Pero el verdadero as bajo la manga de Carrefour se llama Atacadão, un mayorista brasileño, especialista del formato cash & carry. Adquirido por el grupo francés en 2007, genera la mayor parte del crecimiento de Carrefour Brasil. 

“Se trata de un concepto original, que ya tenía un tamaño crítico”, estima Olivier Macard sobre la compra de este activo. “En aquel momento se evaluó como algo complementario, con resultados prometedores, muy interesantes. Una verdadera oportunidad para Carrefour en relación con su posicionamiento en el mercado brasileño”.

Atacadão nació en 1962 y abrió su primera tienda en São Paulo en 1975, el mismo año en que Carrefour entró en Brasil. En la actualidad cuenta con 90 locales. “Los precios son atractivos para una clientela formada por dueños de pequeñas tiendas independientes y consumidores sensibles al nivel de precios. Es lo que explica el éxito de Atacadão”, precisa Gildas Aitamer, de Planet Retail.

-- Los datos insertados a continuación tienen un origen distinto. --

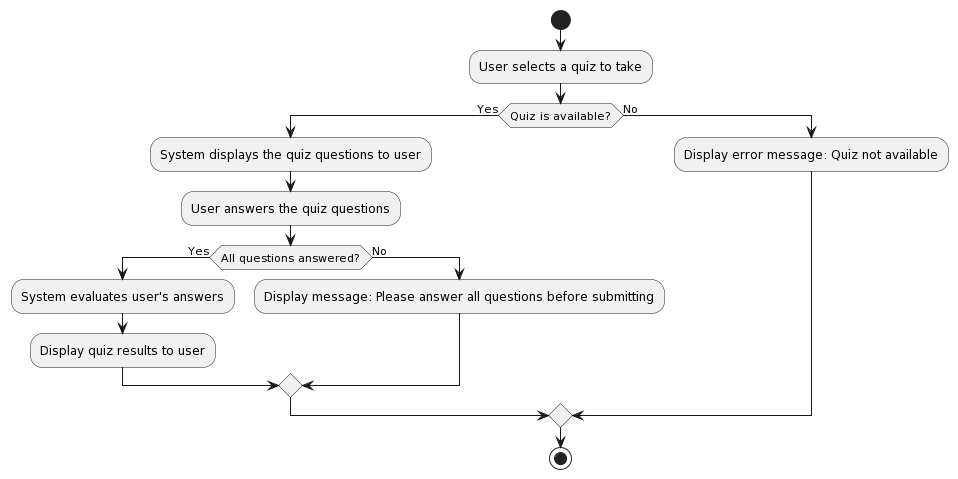

The diagram above was rendered by PlantUML. Its source (embedded in the PNG):
@startuml
start
:User selects a quiz to take;
if (Quiz is available?) then (Yes)
  :System displays the quiz questions to user;
  :User answers the quiz questions;
  if (All questions answered?) then (Yes)
    :System evaluates user's answers;
    :Display quiz results to user;
  else (No)
    :Display message: Please answer all questions before submitting;
  endif
else (No)
  :Display error message: Quiz not available;
endif
stop
@enduml
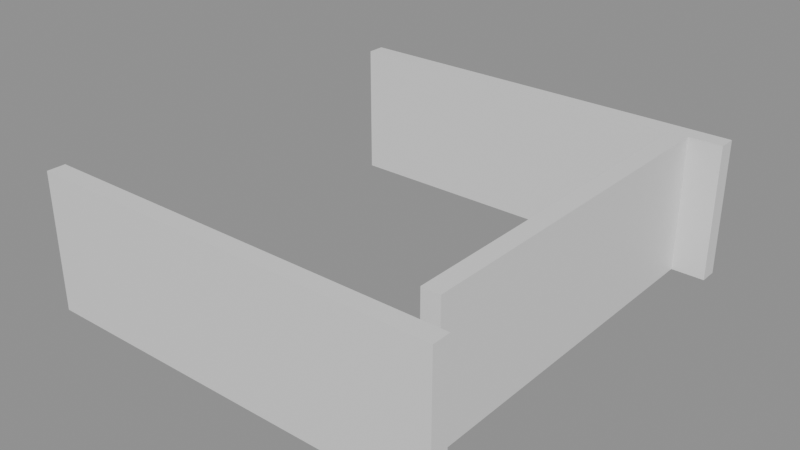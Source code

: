 # Source: building_lego.blend  (saved by Blender 5.0.119; exported with 4.5.12 LTS)
import bpy
from mathutils import Matrix  # noqa: F401  (used for matrix-valued properties, if any)

bpy.ops.wm.read_factory_settings(use_empty=True)
scene = bpy.context.scene
scene.name = 'Scene'

# ---- collections
col_01_paredes_externas = bpy.data.collections.new('01_Paredes_Externas'); scene.collection.children.link(col_01_paredes_externas)

# ---- materials (node trees are filled in below, after node groups)
mat_mat_parede_externa = bpy.data.materials.new('Mat_Parede_Externa')

# ---- material node trees
mat_mat_parede_externa.use_nodes = True; mat_mat_parede_externa.node_tree.nodes.clear()
_N = mat_mat_parede_externa.node_tree.nodes; _L = mat_mat_parede_externa.node_tree.links
n0 = _N.new('ShaderNodeBsdfPrincipled'); n0.name = 'BSDF - Pré-fundamentado'; n0.location = (-200, 100)
n1 = _N.new('ShaderNodeOutputMaterial'); n1.name = 'Saída de material'; n1.location = (200, 100)
_L.new(n0.outputs[0], n1.inputs[0])
n1.is_active_output = True

# ---- meshes
me_bloco_dungeon_wall_4784_2135_z0 = bpy.data.meshes.new('Bloco_dungeon_wall_4784_2135_z0')
me_bloco_dungeon_wall_4784_2135_z0.from_pydata([(-0.5, -0.175, -1.32), (0.5, -0.175, -1.32), (0.5, 0.175, -1.32), (-0.5, 0.175, -1.32), (-0.5, -0.175, 1.32), (0.5, -0.175, 1.32), (0.5, 0.175, 1.32), (-0.5, 0.175, 1.32)], [], [(0, 1, 2, 3), (4, 7, 6, 5), (0, 4, 5, 1), (2, 6, 7, 3), (0, 3, 7, 4), (1, 5, 6, 2)])
me_bloco_dungeon_wall_4784_2135_z0.materials.append(mat_mat_parede_externa)
me_bloco_dungeon_wall_4784_2135_z0.update()
me_bloco_dungeon_wall_4785_2135_z0 = bpy.data.meshes.new('Bloco_dungeon_wall_4785_2135_z0')
me_bloco_dungeon_wall_4785_2135_z0.from_pydata([(-0.5, -0.175, -1.32), (0.5, -0.175, -1.32), (0.5, 0.175, -1.32), (-0.5, 0.175, -1.32), (-0.5, -0.175, 1.32), (0.5, -0.175, 1.32), (0.5, 0.175, 1.32), (-0.5, 0.175, 1.32)], [], [(0, 1, 2, 3), (4, 7, 6, 5), (0, 4, 5, 1), (2, 6, 7, 3), (0, 3, 7, 4), (1, 5, 6, 2)])
me_bloco_dungeon_wall_4785_2135_z0.materials.append(mat_mat_parede_externa)
me_bloco_dungeon_wall_4785_2135_z0.update()
me_bloco_dungeon_wall_4786_2135_z0 = bpy.data.meshes.new('Bloco_dungeon_wall_4786_2135_z0')
me_bloco_dungeon_wall_4786_2135_z0.from_pydata([(-0.5, -0.175, -1.32), (0.5, -0.175, -1.32), (0.5, 0.175, -1.32), (-0.5, 0.175, -1.32), (-0.5, -0.175, 1.32), (0.5, -0.175, 1.32), (0.5, 0.175, 1.32), (-0.5, 0.175, 1.32)], [], [(0, 1, 2, 3), (4, 7, 6, 5), (0, 4, 5, 1), (2, 6, 7, 3), (0, 3, 7, 4), (1, 5, 6, 2)])
me_bloco_dungeon_wall_4786_2135_z0.materials.append(mat_mat_parede_externa)
me_bloco_dungeon_wall_4786_2135_z0.update()
me_bloco_dungeon_wall_4787_2135_z0 = bpy.data.meshes.new('Bloco_dungeon_wall_4787_2135_z0')
me_bloco_dungeon_wall_4787_2135_z0.from_pydata([(-0.5, -0.175, -1.32), (0.5, -0.175, -1.32), (0.5, 0.175, -1.32), (-0.5, 0.175, -1.32), (-0.5, -0.175, 1.32), (0.5, -0.175, 1.32), (0.5, 0.175, 1.32), (-0.5, 0.175, 1.32)], [], [(0, 1, 2, 3), (4, 7, 6, 5), (0, 4, 5, 1), (2, 6, 7, 3), (0, 3, 7, 4), (1, 5, 6, 2)])
me_bloco_dungeon_wall_4787_2135_z0.materials.append(mat_mat_parede_externa)
me_bloco_dungeon_wall_4787_2135_z0.update()
me_bloco_dungeon_wall_4788_2135_z0 = bpy.data.meshes.new('Bloco_dungeon_wall_4788_2135_z0')
me_bloco_dungeon_wall_4788_2135_z0.from_pydata([(-0.5, -0.175, -1.32), (0.5, -0.175, -1.32), (0.5, 0.175, -1.32), (-0.5, 0.175, -1.32), (-0.5, -0.175, 1.32), (0.5, -0.175, 1.32), (0.5, 0.175, 1.32), (-0.5, 0.175, 1.32)], [], [(0, 1, 2, 3), (4, 7, 6, 5), (0, 4, 5, 1), (2, 6, 7, 3), (0, 3, 7, 4), (1, 5, 6, 2)])
me_bloco_dungeon_wall_4788_2135_z0.materials.append(mat_mat_parede_externa)
me_bloco_dungeon_wall_4788_2135_z0.update()
me_bloco_dungeon_wall_4789_2135_z0 = bpy.data.meshes.new('Bloco_dungeon_wall_4789_2135_z0')
me_bloco_dungeon_wall_4789_2135_z0.from_pydata([(-0.5, -0.175, -1.32), (0.5, -0.175, -1.32), (0.5, 0.175, -1.32), (-0.5, 0.175, -1.32), (-0.5, -0.175, 1.32), (0.5, -0.175, 1.32), (0.5, 0.175, 1.32), (-0.5, 0.175, 1.32)], [], [(0, 1, 2, 3), (4, 7, 6, 5), (0, 4, 5, 1), (2, 6, 7, 3), (0, 3, 7, 4), (1, 5, 6, 2)])
me_bloco_dungeon_wall_4789_2135_z0.materials.append(mat_mat_parede_externa)
me_bloco_dungeon_wall_4789_2135_z0.update()
me_bloco_dungeon_wall_4790_2135_z0 = bpy.data.meshes.new('Bloco_dungeon_wall_4790_2135_z0')
me_bloco_dungeon_wall_4790_2135_z0.from_pydata([(-0.5, -0.175, -1.32), (0.5, -0.175, -1.32), (0.5, 0.175, -1.32), (-0.5, 0.175, -1.32), (-0.5, -0.175, 1.32), (0.5, -0.175, 1.32), (0.5, 0.175, 1.32), (-0.5, 0.175, 1.32)], [], [(0, 1, 2, 3), (4, 7, 6, 5), (0, 4, 5, 1), (2, 6, 7, 3), (0, 3, 7, 4), (1, 5, 6, 2)])
me_bloco_dungeon_wall_4790_2135_z0.materials.append(mat_mat_parede_externa)
me_bloco_dungeon_wall_4790_2135_z0.update()
me_bloco_dungeon_wall_4791_2135_z0 = bpy.data.meshes.new('Bloco_dungeon_wall_4791_2135_z0')
me_bloco_dungeon_wall_4791_2135_z0.from_pydata([(-0.5, -0.175, -1.32), (0.5, -0.175, -1.32), (0.5, 0.175, -1.32), (-0.5, 0.175, -1.32), (-0.5, -0.175, 1.32), (0.5, -0.175, 1.32), (0.5, 0.175, 1.32), (-0.5, 0.175, 1.32)], [], [(0, 1, 2, 3), (4, 7, 6, 5), (0, 4, 5, 1), (2, 6, 7, 3), (0, 3, 7, 4), (1, 5, 6, 2)])
me_bloco_dungeon_wall_4791_2135_z0.materials.append(mat_mat_parede_externa)
me_bloco_dungeon_wall_4791_2135_z0.update()
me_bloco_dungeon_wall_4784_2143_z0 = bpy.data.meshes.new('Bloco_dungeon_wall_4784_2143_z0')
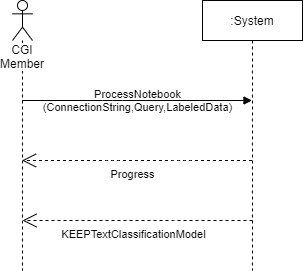

The diagram above was exported from draw.io. Its source (the exported page's mxGraphModel, read from the mxfile embedded in the PNG):
<mxGraphModel dx="1422" dy="705" grid="1" gridSize="10" guides="1" tooltips="1" connect="1" arrows="1" fold="1" page="1" pageScale="1" pageWidth="850" pageHeight="1100" math="0" shadow="0">
  <root>
    <mxCell id="0" />
    <mxCell id="1" parent="0" />
    <mxCell id="2" value="CGI Member" style="shape=umlLifeline;participant=umlActor;perimeter=lifelinePerimeter;whiteSpace=wrap;html=1;container=1;collapsible=0;recursiveResize=0;verticalAlign=top;spacingTop=36;outlineConnect=0;labelBackgroundColor=#ffffff;" vertex="1" parent="1">
      <mxGeometry x="40" y="30" width="20" height="270" as="geometry" />
    </mxCell>
    <mxCell id="3" value=":System" style="shape=umlLifeline;perimeter=lifelinePerimeter;whiteSpace=wrap;html=1;container=1;collapsible=0;recursiveResize=0;outlineConnect=0;labelBackgroundColor=#ffffff;" vertex="1" parent="1">
      <mxGeometry x="230" y="30" width="100" height="270" as="geometry" />
    </mxCell>
    <mxCell id="4" value="ProcessNotebook&lt;br&gt;(ConnectionString,Query,LabeledData)" style="html=1;verticalAlign=middle;endArrow=block;labelBackgroundColor=none;" edge="1" source="2" target="3" parent="1">
      <mxGeometry width="80" relative="1" as="geometry">
        <mxPoint x="130" y="210" as="sourcePoint" />
        <mxPoint x="210" y="210" as="targetPoint" />
        <Array as="points">
          <mxPoint x="140" y="130" />
        </Array>
      </mxGeometry>
    </mxCell>
    <mxCell id="5" value="" style="endArrow=open;endFill=1;endSize=12;html=1;dashed=1;editable=1;fixDash=0;snapToPoint=0;bendable=1;movable=1;" edge="1" source="3" target="2" parent="1">
      <mxGeometry width="160" relative="1" as="geometry">
        <mxPoint x="90" y="210" as="sourcePoint" />
        <mxPoint x="250" y="210" as="targetPoint" />
        <Array as="points">
          <mxPoint x="210" y="190" />
          <mxPoint x="140" y="190" />
        </Array>
      </mxGeometry>
    </mxCell>
    <mxCell id="6" value="Progress" style="edgeLabel;html=1;align=center;verticalAlign=top;resizable=0;points=[];" vertex="1" connectable="0" parent="5">
      <mxGeometry x="0.1403" y="1" relative="1" as="geometry">
        <mxPoint x="11.02" as="offset" />
      </mxGeometry>
    </mxCell>
    <mxCell id="7" value="" style="endArrow=open;endFill=1;endSize=12;html=1;dashed=1;editable=1;fixDash=0;snapToPoint=0;bendable=1;movable=1;" edge="1" parent="1">
      <mxGeometry width="160" relative="1" as="geometry">
        <mxPoint x="280" y="250" as="sourcePoint" />
        <mxPoint x="50" y="250" as="targetPoint" />
        <Array as="points">
          <mxPoint x="210.5" y="250" />
          <mxPoint x="140.5" y="250" />
        </Array>
      </mxGeometry>
    </mxCell>
    <mxCell id="8" value="KEEPTextClassificationModel" style="edgeLabel;html=1;align=center;verticalAlign=top;resizable=0;points=[];" vertex="1" connectable="0" parent="7">
      <mxGeometry x="0.1403" y="1" relative="1" as="geometry">
        <mxPoint x="11.02" as="offset" />
      </mxGeometry>
    </mxCell>
  </root>
</mxGraphModel>

Consciente de la especificidad de este formato, la dirección de Carrefour ha dado desde un principio más libertad de gestión a sus equipos locales. “Atacadão es la joya de la Corona. Se trata de un modelo propiamente brasileño, pero que se puede exportar a otras zonas del mundo”, explica Pierre-Edouard Boudot, de Natixis. De hecho, Carrefour ha exportado con éxito el formato a Argentina y Marruecos.

Sobre estas líneas trabaja la cadena para diseñar su nueva estrategia en Brasil con una idea en mente: acelerar la expansión antes que el mercado se sature. Walmart, Casino y Cencosud avanzan con el mismo objetivo: invertir ahora para no perder el tren. Los analistas coinciden que en cinco años será demasiado tarde.